Lantas apa yang harus dilakukan?
Dokter dari Sektor 1 Daerah Kerja (Daker) Bandara, dr Muhammad Fathi Banna Al Faruqi, mengingatkan para jemaah.
"Penggunaan payung, tabir surya, dan pakaian tertutup adalah keharusan untuk menghindari heat stroke, namun hal ini menghalangi kulit memproduksi vitamin D secara mandiri. Padahal, vitamin D adalah "dirigen" bagi sistem imun dan kekuatan fisik," ujar dr Fathi, Sabtu (16/5/2026).
Baca juga: Rendang hingga Soto Disiapkan untuk Jemaah Selama Puncak Ibadah Haji
Kebutuhan vitamin D pada tubuh jemaah sangatlah krusial untuk membangun benteng pertahanan terhadap infeksi.
Nutrisi ini berfungsi mencegah penularan batuk dan pilek di tengah kerumunan, serta mampu meredam peradangan agar gejalanya tidak menjadi berat.
Selain urusan imunitas, kelancaran ibadah haji juga sangat bergantung pada kekuatan kaki yang ditunjang oleh penyerapan kalsium secara maksimal berkat vitamin D.

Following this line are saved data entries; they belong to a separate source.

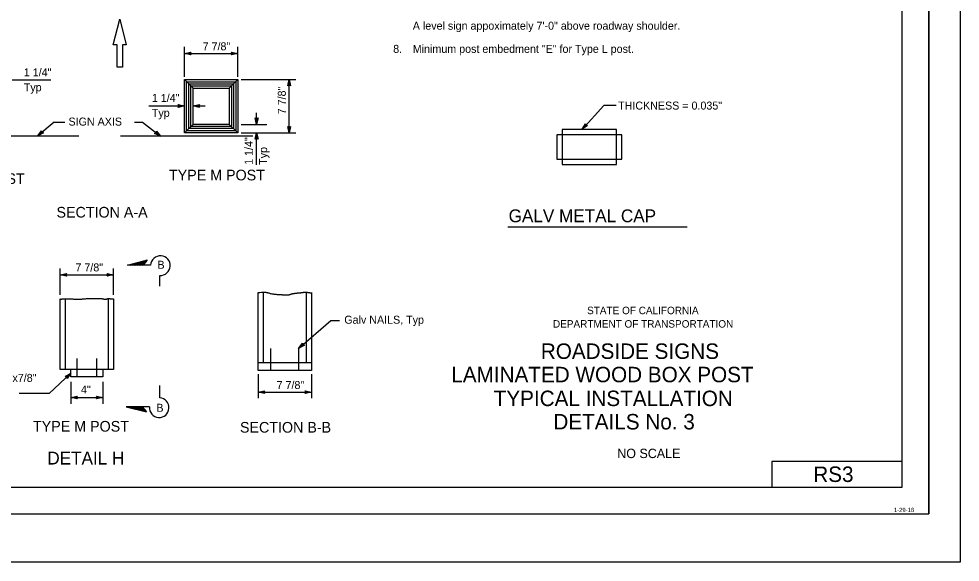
# Model space of a CAD drawing. Extents: x -894 to 866, y -476 to 714.
# Drawn here: x -16 to 866, y -476 to 33 of the extents above; entities that cross this region are included whole.
import ezdxf

# ---------------------------------------------------------------- set-up
doc = ezdxf.new("R2010")
doc.units = 0
for name, color, linetype in [('10 Sheet Format', 7, 'Continuous'), ('22 Misc Cnst Det', 7, 'Continuous'), ('56 Stage 3 Anno', 7, 'Continuous'), ('57 Undefined', 7, 'Continuous'), ('60 Nongeo Data', 7, 'Continuous')]:
    doc.layers.add(name, color=color, linetype=linetype)

msp = doc.modelspace()

# ---------------------------------------------------------------- linework, layer by layer
at = {"layer": '10 Sheet Format'}
for p, q in [((836.55, 668.96), (836.55, -431.04)), ((811.55, -406.04), (811.55, 643.96)), ((689.5, -381.95), (689.5, -406.04)), ((811.55, -381.95), (689.5, -381.95)), ((-813.45, -406.04), (811.55, -406.04)), ((-863.46, -431.04), (836.55, -431.04))]:
    msp.add_line(p, q, dxfattribs=at)
for points in [[(-894.04, 713.56), (865.96, 713.56), (865.96, -476.44), (-894.04, -476.44)], [(-863.46, -431.04), (836.55, -431.04), (836.55, 668.96), (-863.46, 668.96)]]:
    msp.add_lwpolyline(points, close=True, dxfattribs=at)
at = {"layer": '22 Misc Cnst Det'}
for p, q in [((85.44, -197.9), (104.34, -193.08)), ((87, -197.9), (103.94, -193.58)), ((88.55, -197.9), (103.54, -194.08)), ((100.44, -197.9), (104.34, -193.08)), ((107.09, -197.9), (85.44, -197.9)), ((90.11, -197.9), (103.13, -194.58)), ((91.66, -197.9), (102.73, -195.08)), ((93.21, -197.9), (102.32, -195.58)), ((94.77, -197.9), (101.92, -196.07)), ((96.32, -197.9), (101.51, -196.57)), ((97.88, -197.9), (101.11, -197.07)), ((99.43, -197.9), (100.7, -197.57)), ((84.35, -330.82), (103.25, -335.63)), ((106, -330.82), (84.35, -330.82)), ((85.9, -330.82), (102.85, -335.13)), ((87.46, -330.82), (102.44, -334.64)), ((89.01, -330.82), (102.04, -334.14)), ((90.57, -330.82), (101.63, -333.64)), ((92.12, -330.82), (101.23, -333.14)), ((93.68, -330.82), (100.82, -332.64)), ((95.23, -330.82), (100.42, -332.14)), ((96.78, -330.82), (100.01, -331.64)), ((98.34, -330.82), (99.61, -331.14)), ((99.35, -330.82), (103.25, -335.63))]:
    msp.add_line(p, q, dxfattribs=at)
at = {"layer": '56 Stage 3 Anno'}
for p, q in [((138.91, -21.43), (138.91, 6.65)), ((138.91, 0.45), (144.91, 1.78)), ((138.91, 0.45), (188.91, 0.45)), ((144.91, -0.89), (138.91, 0.45)), ((138.91, 0.45), (138.91, 0.45)), ((144.69, -0.53), (140.29, 0.45)), ((140.3, 0.46), (144.67, 1.42)), ((141.67, 0.45), (144.49, 1.08)), ((144.46, -0.17), (141.67, 0.45)), ((143.05, 0.45), (144.26, 0.72)), ((144.28, 0.18), (143.05, 0.45)), ((144.91, 1.78), (144.11, 0.45)), ((144.11, 0.45), (144.91, -0.89)), ((144.91, 1.78), (144.91, 1.78)), ((183.71, 0.45), (182.91, 1.79)), ((182.91, 1.79), (182.91, 1.79)), ((182.91, 1.79), (188.91, 0.45)), ((188.91, 0.45), (182.91, -0.88)), ((182.91, -0.88), (183.71, 0.45)), ((183.12, 1.44), (187.53, 0.45)), ((187.51, 0.45), (183.14, -0.52)), ((186.14, 0.46), (183.32, -0.17)), ((183.36, 1.08), (186.14, 0.46)), ((183.53, 0.73), (184.76, 0.46)), ((184.76, 0.46), (183.55, 0.19)), ((188.91, -21.43), (188.91, 6.65)), ((188.91, 0.45), (188.91, 0.45)), ((144.91, -0.89), (144.91, -0.89)), ((182.91, -0.88), (182.91, -0.88)), ((-22.64, -24.35), (13.61, -24.35)), ((192.07, -23.95), (243.25, -23.95)), ((235.72, -29.95), (237.06, -23.95)), ((236.07, -29.74), (237.06, -25.33)), ((237.06, -73.95), (237.06, -23.95)), ((237.06, -23.95), (237.06, -23.95)), ((237.06, -23.95), (238.39, -29.95)), ((237.06, -25.34), (238.03, -29.72)), ((237.06, -29.15), (235.72, -29.95)), ((235.72, -29.95), (235.72, -29.95)), ((236.43, -29.5), (237.06, -26.72)), ((236.78, -29.33), (237.06, -28.1)), ((237.06, -26.72), (237.68, -29.54)), ((237.06, -28.1), (237.32, -29.31)), ((238.39, -29.95), (237.06, -29.15)), ((238.39, -29.95), (238.39, -29.95)), ((105.52, -48.69), (138.91, -48.69)), ((133.71, -48.69), (132.91, -47.35)), ((132.91, -47.35), (132.91, -47.35)), ((132.91, -47.35), (138.91, -48.69)), ((138.91, -48.69), (132.91, -50.02)), ((132.91, -50.02), (133.71, -48.69)), ((132.91, -50.02), (132.91, -50.02)), ((133.12, -47.7), (137.53, -48.69)), ((137.51, -48.69), (133.14, -49.66)), ((136.14, -48.68), (133.32, -49.31)), ((133.36, -48.06), (136.14, -48.68)), ((133.53, -48.41), (134.76, -48.68)), ((134.76, -48.68), (133.55, -48.95)), ((138.91, -48.69), (138.91, -48.69)), ((146.91, -48.69), (152.91, -47.36)), ((146.91, -48.69), (158.22, -48.69)), ((152.91, -50.03), (146.91, -48.69)), ((146.91, -48.69), (146.91, -48.69)), ((152.69, -49.67), (148.29, -48.69)), ((148.3, -48.68), (152.67, -47.72)), ((149.67, -48.69), (152.49, -48.06)), ((152.46, -49.31), (149.67, -48.69)), ((151.05, -48.69), (152.26, -48.42)), ((152.28, -48.96), (151.05, -48.69)), ((152.91, -47.36), (152.11, -48.69)), ((152.11, -48.69), (152.91, -50.03)), ((152.91, -47.36), (152.91, -47.36)), ((152.91, -50.03), (152.91, -50.03)), ((531.97, -48.41), (511.66, -70.64)), ((543.41, -48.41), (531.97, -48.41)), ((206.51, -65.95), (205.18, -59.95)), ((205.18, -59.95), (205.18, -59.95)), ((205.18, -59.95), (206.51, -60.75)), ((206.51, -64.56), (205.54, -60.19)), ((206.52, -63.19), (205.89, -60.37)), ((206.52, -61.81), (206.25, -60.6)), ((206.51, -65.95), (206.51, -55.29)), ((206.51, -60.75), (207.85, -59.95)), ((207.85, -59.95), (206.51, -65.95)), ((207.5, -60.17), (206.52, -64.57)), ((207.14, -60.4), (206.52, -63.19)), ((206.79, -60.58), (206.52, -61.81)), ((207.85, -59.95), (207.85, -59.95)), ((16.59, -63.76), (1.33, -76.84)), ((16.59, -63.76), (26.89, -63.76)), ((91.89, -63.76), (99.43, -63.76)), ((99.43, -63.76), (116.41, -77.04)), ((192.07, -65.95), (216.01, -65.95)), ((206.51, -65.95), (206.51, -65.95)), ((237.06, -73.95), (235.73, -67.95)), ((235.73, -67.95), (235.73, -67.95)), ((235.73, -67.95), (237.06, -68.75)), ((237.06, -72.56), (236.09, -68.19)), ((237.06, -71.19), (236.44, -68.37)), ((237.06, -69.81), (236.79, -68.6)), ((237.06, -68.75), (238.4, -67.95)), ((238.4, -67.95), (237.06, -73.95)), ((238.04, -68.17), (237.06, -72.57)), ((237.68, -68.4), (237.06, -71.19)), ((237.34, -68.58), (237.06, -69.81)), ((238.4, -67.95), (238.4, -67.95)), ((1.33, -76.84), (5.02, -71.92)), ((6.76, -73.95), (1.33, -76.84)), ((1.33, -76.84), (1.33, -76.84)), ((6.36, -73.82), (2.38, -75.94)), ((2.39, -75.93), (5.08, -72.35)), ((3.43, -75.04), (5.17, -72.73)), ((5.95, -73.7), (3.43, -75.04)), ((4.48, -74.14), (5.23, -73.15)), ((5.59, -73.55), (4.48, -74.14)), ((5.02, -71.92), (5.02, -71.92)), ((5.02, -71.92), (5.28, -73.45)), ((5.28, -73.45), (6.76, -73.95)), ((6.76, -73.95), (6.76, -73.95)), ((110.87, -74.39), (112.32, -73.83)), ((116.41, -77.04), (110.87, -74.39)), ((110.87, -74.39), (110.87, -74.39)), ((115.32, -76.18), (111.28, -74.25)), ((114.24, -75.33), (111.63, -74.09)), ((113.15, -74.48), (112.04, -73.95)), ((112.32, -73.83), (112.51, -72.29)), ((112.35, -73.51), (113.15, -74.48)), ((112.43, -73.13), (114.24, -75.33)), ((112.46, -72.7), (115.33, -76.19)), ((112.51, -72.29), (112.51, -72.29)), ((112.51, -72.29), (116.41, -77.04)), ((116.41, -77.04), (116.41, -77.04)), ((192.07, -73.95), (243.25, -73.95)), ((205.18, -79.95), (206.51, -73.95)), ((206.51, -79.15), (205.18, -79.95)), ((205.53, -79.74), (206.51, -75.33)), ((205.89, -79.5), (206.51, -76.72)), ((206.24, -79.33), (206.51, -78.1)), ((206.51, -103.85), (206.51, -73.95)), ((206.51, -73.95), (206.51, -73.95)), ((206.51, -73.95), (207.85, -79.95)), ((206.51, -76.72), (207.14, -79.54)), ((206.51, -78.1), (206.78, -79.31)), ((207.85, -79.95), (206.51, -79.15)), ((206.52, -75.34), (207.49, -79.72)), ((237.06, -73.95), (237.06, -73.95)), ((205.18, -79.95), (205.18, -79.95)), ((207.84, -79.95), (207.84, -79.95)), ((22.42, -225.63), (22.42, -201.18)), ((72.42, -225.63), (72.42, -201.18)), ((22.42, -207.05), (28.42, -205.72)), ((22.42, -207.05), (72.42, -207.05)), ((28.42, -208.39), (22.42, -207.05)), ((22.42, -207.05), (22.42, -207.05)), ((22.42, -207.05), (72.42, -207.05)), ((28.2, -208.04), (23.8, -207.05)), ((23.81, -207.05), (28.18, -206.08)), ((25.18, -207.06), (28.01, -206.43)), ((27.97, -207.68), (25.18, -207.06)), ((26.56, -207.06), (27.77, -206.79)), ((27.79, -207.33), (26.56, -207.06)), ((28.42, -205.72), (27.62, -207.05)), ((27.62, -207.05), (28.42, -208.39)), ((28.42, -205.72), (28.42, -205.72)), ((28.42, -208.39), (28.42, -208.39)), ((67.22, -207.05), (66.42, -205.71)), ((66.42, -205.71), (66.42, -205.71)), ((66.42, -205.71), (72.42, -207.05)), ((72.42, -207.05), (66.42, -208.38)), ((66.42, -208.38), (67.22, -207.05)), ((66.42, -208.38), (66.42, -208.38)), ((66.63, -206.07), (71.04, -207.05)), ((71.03, -207.06), (66.65, -208.02)), ((69.66, -207.05), (66.83, -207.68)), ((66.87, -206.43), (69.66, -207.05)), ((67.04, -206.78), (68.27, -207.05)), ((68.27, -207.05), (67.06, -207.32)), ((72.42, -207.05), (72.42, -207.05)), ((115.7, -217.53), (115.7, -207.6)), ((245.9, -275.99), (275.96, -249.77)), ((275.96, -249.77), (284.34, -249.77)), ((245.9, -275.99), (249.55, -271.04)), ((251.31, -273.05), (245.9, -275.99)), ((250.91, -272.92), (246.94, -275.08)), ((246.95, -275.07), (249.61, -271.46)), ((247.99, -274.17), (249.7, -271.84)), ((250.5, -272.81), (247.99, -274.17)), ((249.03, -273.26), (249.76, -272.27)), ((250.14, -272.66), (249.03, -273.26)), ((249.55, -271.04), (249.55, -271.04)), ((249.55, -271.04), (249.82, -272.57)), ((249.82, -272.57), (251.31, -273.05)), ((251.31, -273.05), (251.31, -273.05)), ((245.9, -275.99), (245.9, -275.99)), ((32.42, -299.16), (12.14, -318.39)), ((27.14, -302.32), (32.42, -299.16)), ((32.42, -299.16), (28.98, -304.26)), ((32.42, -299.16), (32.42, -299.16)), ((28.64, -302.74), (27.14, -302.32)), ((27.14, -302.32), (27.14, -302.32)), ((27.54, -302.43), (31.42, -300.11)), ((27.96, -302.53), (30.41, -301.06)), ((28.33, -302.66), (29.41, -302.01)), ((28.98, -304.26), (28.64, -302.74)), ((29.41, -302.01), (28.71, -303.04)), ((30.41, -301.06), (28.79, -303.46)), ((31.41, -300.12), (28.9, -303.83)), ((28.98, -304.26), (28.98, -304.26)), ((32.42, -307.26), (32.42, -327.93)), ((62.42, -307.26), (62.42, -327.93)), ((207.9, -300.12), (207.9, -322.7)), ((257.9, -300.12), (257.9, -322.79)), ((115.7, -322.21), (115.7, -310.76)), ((207.9, -317.08), (213.9, -315.75)), ((207.9, -317.08), (257.9, -317.08)), ((213.9, -318.42), (207.9, -317.08)), ((207.9, -317.08), (207.9, -317.08)), ((213.69, -318.06), (209.28, -317.08)), ((209.3, -317.07), (213.67, -316.11)), ((210.67, -317.08), (213.49, -316.45)), ((213.45, -317.7), (210.67, -317.08)), ((212.05, -317.08), (213.26, -316.81)), ((213.28, -317.36), (212.05, -317.08)), ((213.9, -315.75), (213.1, -317.08)), ((213.1, -317.08), (213.9, -318.42)), ((213.9, -315.75), (213.9, -315.75)), ((252.7, -317.08), (251.9, -315.74)), ((251.9, -315.74), (251.9, -315.74)), ((251.9, -315.74), (257.9, -317.08)), ((257.9, -317.08), (251.9, -318.41)), ((251.9, -318.41), (252.7, -317.08)), ((252.12, -316.09), (256.52, -317.08)), ((256.51, -317.08), (252.14, -318.05)), ((255.14, -317.08), (252.32, -317.7)), ((252.35, -316.45), (255.14, -317.08)), ((252.53, -316.8), (253.76, -317.07)), ((253.76, -317.07), (252.55, -317.34)), ((257.9, -317.08), (257.9, -317.08)), ((12.14, -318.39), (-16.13, -318.39)), ((32.42, -322.1), (38.42, -320.77)), ((32.42, -322.1), (62.42, -322.1)), ((38.42, -323.44), (32.42, -322.1)), ((32.42, -322.1), (32.42, -322.1)), ((38.2, -323.08), (33.8, -322.1)), ((33.81, -322.09), (38.18, -321.13)), ((35.18, -322.1), (38.01, -321.47)), ((37.97, -322.72), (35.18, -322.1)), ((36.56, -322.1), (37.77, -321.83)), ((37.79, -322.37), (36.56, -322.1)), ((38.42, -320.77), (37.62, -322.1)), ((37.62, -322.1), (38.42, -323.44)), ((38.42, -320.77), (38.42, -320.77)), ((38.42, -323.44), (38.42, -323.44)), ((57.22, -322.1), (56.42, -320.76)), ((56.42, -320.76), (56.42, -320.76)), ((56.42, -320.76), (62.42, -322.1)), ((62.42, -322.1), (56.42, -323.43)), ((56.42, -323.43), (57.22, -322.1)), ((56.42, -323.43), (56.42, -323.43)), ((56.63, -321.11), (61.04, -322.1)), ((61.03, -322.1), (56.65, -323.07)), ((59.66, -322.09), (56.83, -322.72)), ((56.87, -321.47), (59.66, -322.09)), ((57.04, -321.82), (58.27, -322.09)), ((58.27, -322.09), (57.06, -322.36)), ((62.42, -322.1), (62.42, -322.1)), ((213.9, -318.42), (213.9, -318.42)), ((251.9, -318.41), (251.9, -318.41))]:
    msp.add_line(p, q, dxfattribs=at)
msp.add_lwpolyline([(516.68, -67.11), (511.71, -70.57), (514.74, -65.33), (514.85, -65.72), (512.64, -69.56), (516.28, -67.02), (515.88, -66.94), (513.55, -68.56), (514.97, -66.11), (515.08, -66.5), (514.47, -67.56), (515.48, -66.86), (515.17, -66.8), (514.74, -65.33), (515.17, -66.8)], close=True, dxfattribs=at)
for centre, major_axis in [((116.36, -198.44), (-8.48, -3.85)), ((115.16, -331.47), (-3.85, 8.48))]:
    msp.add_ellipse(centre, major_axis=major_axis, ratio=0.98166, start_param=1.08156, end_param=5.79109, dxfattribs=at)
at = {"layer": '57 Undefined'}
msp.add_line((441.88, -162.06), (609.95, -162.06), dxfattribs=at)
at = {"layer": '60 Nongeo Data'}
for p, q in [((72.1, 8.66), (78.24, 32.57)), ((78.24, 32.57), (84.38, 8.66)), ((75.74, 8.66), (72.1, 8.66)), ((75.74, -12.44), (75.74, 8.66)), ((80.74, 8.66), (80.74, -12.44)), ((84.38, 8.66), (80.74, 8.66)), ((78.24, -12.44), (75.74, -12.44)), ((80.74, -12.44), (78.24, -12.44)), ((138.91, -23.95), (188.91, -23.95)), ((138.91, -73.95), (138.91, -23.95)), ((138.91, -23.95), (146.91, -31.95)), ((180.91, -31.95), (188.91, -23.95)), ((188.91, -23.95), (188.91, -73.95)), ((138.91, -73.95), (146.91, -65.95)), ((180.91, -65.95), (188.91, -73.95)), ((39.92, -76.95), (-92.42, -76.95)), ((203.04, -76.95), (79.05, -76.95)), ((188.91, -73.95), (138.91, -73.95)), ((487.86, -75.64), (487.86, -98.64)), ((492.86, -75.64), (487.86, -75.64)), ((543.86, -70.64), (492.86, -70.64)), ((492.86, -70.64), (492.86, -75.64)), ((543.86, -75.64), (492.86, -75.64)), ((492.86, -75.64), (492.86, -98.64)), ((543.86, -75.64), (543.86, -70.64)), ((548.86, -75.64), (543.86, -75.64)), ((543.86, -98.64), (543.86, -75.64)), ((548.86, -98.64), (548.86, -75.64)), ((487.86, -98.64), (492.86, -98.64)), ((492.86, -98.64), (492.86, -103.64)), ((492.86, -98.64), (543.86, -98.64)), ((492.86, -103.64), (543.86, -103.64)), ((543.86, -98.64), (548.86, -98.64)), ((543.86, -103.64), (543.86, -98.64)), ((207.9, -296.64), (207.9, -223.64)), ((212.9, -289.64), (212.9, -223.32)), ((252.9, -223.28), (252.9, -289.64)), ((257.9, -223.64), (257.9, -296.64)), ((22.42, -295.67), (22.42, -229.67)), ((27.42, -295.67), (27.42, -229.67)), ((67.42, -229.67), (67.42, -295.67)), ((72.42, -229.67), (72.42, -295.67)), ((219.9, -296.32), (219.9, -275.99)), ((245.9, -275.99), (245.9, -296.64)), ((38.42, -302.67), (38.42, -285.33)), ((56.42, -285.33), (56.42, -302.67)), ((257.9, -289.64), (207.9, -289.64)), ((72.42, -295.67), (22.42, -295.67)), ((32.42, -302.67), (32.42, -295.67)), ((62.42, -295.67), (62.42, -302.67)), ((257.9, -296.64), (207.9, -296.64)), ((62.42, -302.67), (32.42, -302.67))]:
    msp.add_line(p, q, dxfattribs=at)
for points in [[(138.91, -23.95), (188.91, -23.95), (188.91, -73.95), (138.91, -73.95)], [(140.91, -25.95), (186.91, -25.95), (186.91, -71.95), (140.91, -71.95)], [(142.91, -27.95), (184.91, -27.95), (184.91, -69.95), (142.91, -69.95)], [(144.91, -29.95), (182.91, -29.95), (182.91, -67.95), (144.91, -67.95)], [(146.91, -31.95), (180.91, -31.95), (180.91, -65.95), (146.91, -65.95)]]:
    msp.add_lwpolyline(points, close=True, dxfattribs=at)
for points in [[(3.53, -76.95), (-18.53, -76.95)], [(11.25, -76.95), (6.84, -76.95)], [(36.62, -76.95), (14.56, -76.95)], [(83.19, -76.95), (79.05, -76.95)], [(106.95, -76.95), (86.29, -76.95)], [(114.18, -76.95), (110.05, -76.95)], [(137.95, -76.95), (117.28, -76.95)], [(145.18, -76.95), (141.05, -76.95)], [(168.95, -76.95), (148.28, -76.95)], [(176.18, -76.95), (172.05, -76.95)], [(199.94, -76.95), (179.28, -76.95)]]:
    msp.add_lwpolyline(points, dxfattribs=at)
for points in [[(22.42, -229.67), (23.36, -229.77), (23.64, -229.77), (24.08, -229.71), (24.57, -229.6), (24.95, -229.55), (25.28, -229.55), (25.56, -229.55), (25.88, -229.55), (26.32, -229.55), (26.65, -229.55), (27.09, -229.55), (27.42, -229.55), (27.75, -229.55), (28.19, -229.55), (28.51, -229.55), (28.84, -229.55), (29.77, -229.55), (30.81, -229.55), (32.29, -229.6), (33.61, -229.66), (34.92, -229.71), (35.91, -229.77), (36.89, -229.77), (37.93, -229.77), (39.63, -229.77), (41.33, -229.77), (42.65, -229.71), (43.8, -229.6), (45.33, -229.44), (46.97, -229.33), (48.62, -229.22), (49.99, -229.22), (51.52, -229.16), (53, -229.16), (54.37, -229.16), (54.92, -229.16), (55.3, -229.16), (55.74, -229.16), (56.07, -229.16), (56.5, -229.16), (56.94, -229.16), (57.33, -229.16), (57.76, -229.16), (58.2, -229.16), (58.64, -229.16), (59.19, -229.16), (59.74, -229.16), (60.39, -229.22), (60.89, -229.27), (61.38, -229.33), (61.93, -229.44), (62.42, -229.55), (62.86, -229.6), (63.35, -229.71), (63.79, -229.88), (64.12, -229.88), (64.45, -229.88), (64.72, -229.88), (65.21, -229.88), (65.6, -229.77), (65.98, -229.66), (66.2, -229.6), (66.47, -229.44), (66.75, -229.38), (67.02, -229.33), (67.46, -229.33), (67.73, -229.27), (67.95, -229.27), (68.23, -229.27), (68.55, -229.27), (68.83, -229.33), (69.21, -229.38), (69.59, -229.44), (70.03, -229.55), (70.64, -229.6), (70.91, -229.6), (71.24, -229.66), (71.57, -229.66), (71.79, -229.66), (72.11, -229.66), (72.28, -229.6)], [(207.9, -223.64), (211.27, -223.49), (210.93, -223.55), (211.33, -223.44), (211.66, -223.38), (212.12, -223.32), (212.62, -223.32), (213.24, -223.32), (213.81, -223.32), (214.49, -223.32), (215.28, -223.44), (215.95, -223.55), (216.46, -223.66), (217.14, -223.83), (217.98, -224.06), (219.11, -224.4), (219.96, -224.56), (221.43, -224.85), (222.78, -225.07), (224.25, -225.24), (225.55, -225.35), (227.46, -225.47), (229.61, -225.58), (230.4, -225.64), (231.41, -225.69), (232.03, -225.75), (232.6, -225.75), (233.28, -225.81), (233.78, -225.81), (234.18, -225.81), (234.8, -225.86), (235.31, -225.86), (235.87, -225.81), (236.21, -225.75), (236.6, -225.69), (237.17, -225.58), (237.56, -225.47), (238.02, -225.35), (238.69, -225.07), (239.2, -224.96), (239.99, -224.73), (240.61, -224.62), (241.18, -224.51), (241.97, -224.4), (242.47, -224.28), (242.98, -224.23), (243.6, -224.17), (244.11, -224.11), (244.9, -224.06), (245.52, -224), (246.08, -223.94), (246.76, -223.89), (247.33, -223.83), (247.83, -223.77), (248.45, -223.72), (248.91, -223.66), (249.36, -223.61), (249.64, -223.55), (249.98, -223.49), (250.32, -223.44), (250.54, -223.38), (250.77, -223.32), (250.99, -223.27), (251.28, -223.27), (251.78, -223.27), (252.35, -223.27), (252.74, -223.27), (253.25, -223.32), (253.7, -223.38), (254.1, -223.44), (254.32, -223.49), (254.72, -223.49), (255.17, -223.55), (255.73, -223.66), (256.41, -223.77), (256.69, -223.83), (256.97, -223.83), (257.26, -223.83), (257.48, -223.83), (257.76, -223.83), (257.88, -223.83)]]:
    msp.add_spline(points, degree=3, dxfattribs=at)

# ---------------------------------------------------------------- texts
at = {"layer": '10 Sheet Format'}
for s, height, p in [('STATE OF CALIFORNIA', 7, (516.26, -243.92)), ('DEPARTMENT OF TRANSPORTATION', 7, (484.26, -256.53)), ('ROADSIDE SIGNS', 14.5, (472.91, -285.86)), ('LAMINATED WOOD BOX POST', 14.5, (388.99, -307.77)), ('TYPICAL INSTALLATION', 14.5, (428.72, -330.1)), ('DETAILS No. 3', 14.5, (484.67, -352)), ('NO SCALE', 8.75, (544.53, -378.84)), ('1-29-18', 4, (803.83, -429.47))]:
    msp.add_text(s, height=height, dxfattribs=at).set_placement(p)
at = {"layer": '57 Undefined'}
for s, height, p in [('A level sign appoximately 7\'-0" above roadway shoulder.', 7.5, (352.89, 22.77)), ('7 7/8"', 7.5, (155.91, 3.43)), ('Minimum post embedment "E" for Type L post.', 7.5, (352.89, 1.07)), ('8.', 7.5, (334.52, 1.07)), ('1 1/4"', 7.5, (-11.72, -20.95)), ('Typ', 7.5, (-11.72, -34.95)), ('1 1/4"', 7.5, (108.32, -44.95)), ('Typ', 7.5, (108.32, -58.95)), ('THICKNESS = 0.035"', 7.5, (545.32, -52.1)), ('SIGN AXIS', 7.5, (30.16, -67.11)), ('TYPE L POST', 10, (-97.14, -121.87)), ('TYPE M POST', 10, (124.35, -118.47)), ('SECTION A-A', 10, (18.92, -153.34)), ('GALV METAL CAP', 12, (442.71, -157.7)), ('B', 7.5, (113.54, -201.34)), ('7 7/8"', 7.5, (36.68, -203.83)), ('Galv NAILS, Typ', 7.5, (288.69, -252.88)), ('4" x 7 7/8" x7/8"', 7.5, (-70.73, -307.41)), ('7 7/8"', 7.5, (225.24, -314.12)), ('4"', 7.5, (41.88, -318.29)), ('B', 7.5, (112.55, -335.45)), ('TYPE M POST', 10, (-3.1, -354.04)), ('SECTION B-B', 10, (190.91, -354.99)), ('DETAIL H', 12, (10.33, -384.86))]:
    msp.add_text(s, height=height, dxfattribs=at).set_placement(p)
for s, p in [('7 7/8"', (233.89, -56.52)), ('1 1/4"', (202.85, -103.9)), ('Typ', (216.35, -103.9))]:
    msp.add_text(s, height=7.5, rotation=90, dxfattribs=at).set_placement(p)
at = {"layer": '60 Nongeo Data'}
msp.add_text('RS3', height=14.5, dxfattribs=at).set_placement((728.26, -401.24))

doc.saveas('drawing.dxf')

"Vitamin D membantu penyerapan kalsium agar tulang tidak mudah linu, nyeri, atau rapuh saat harus berjalan jauh untuk thawaf, sa'i dan perpindahan lainnya," jelasnya.
Meskipun manfaatnya sangat besar, cara mengonsumsi suplemen vitamin D tidak boleh sembarangan.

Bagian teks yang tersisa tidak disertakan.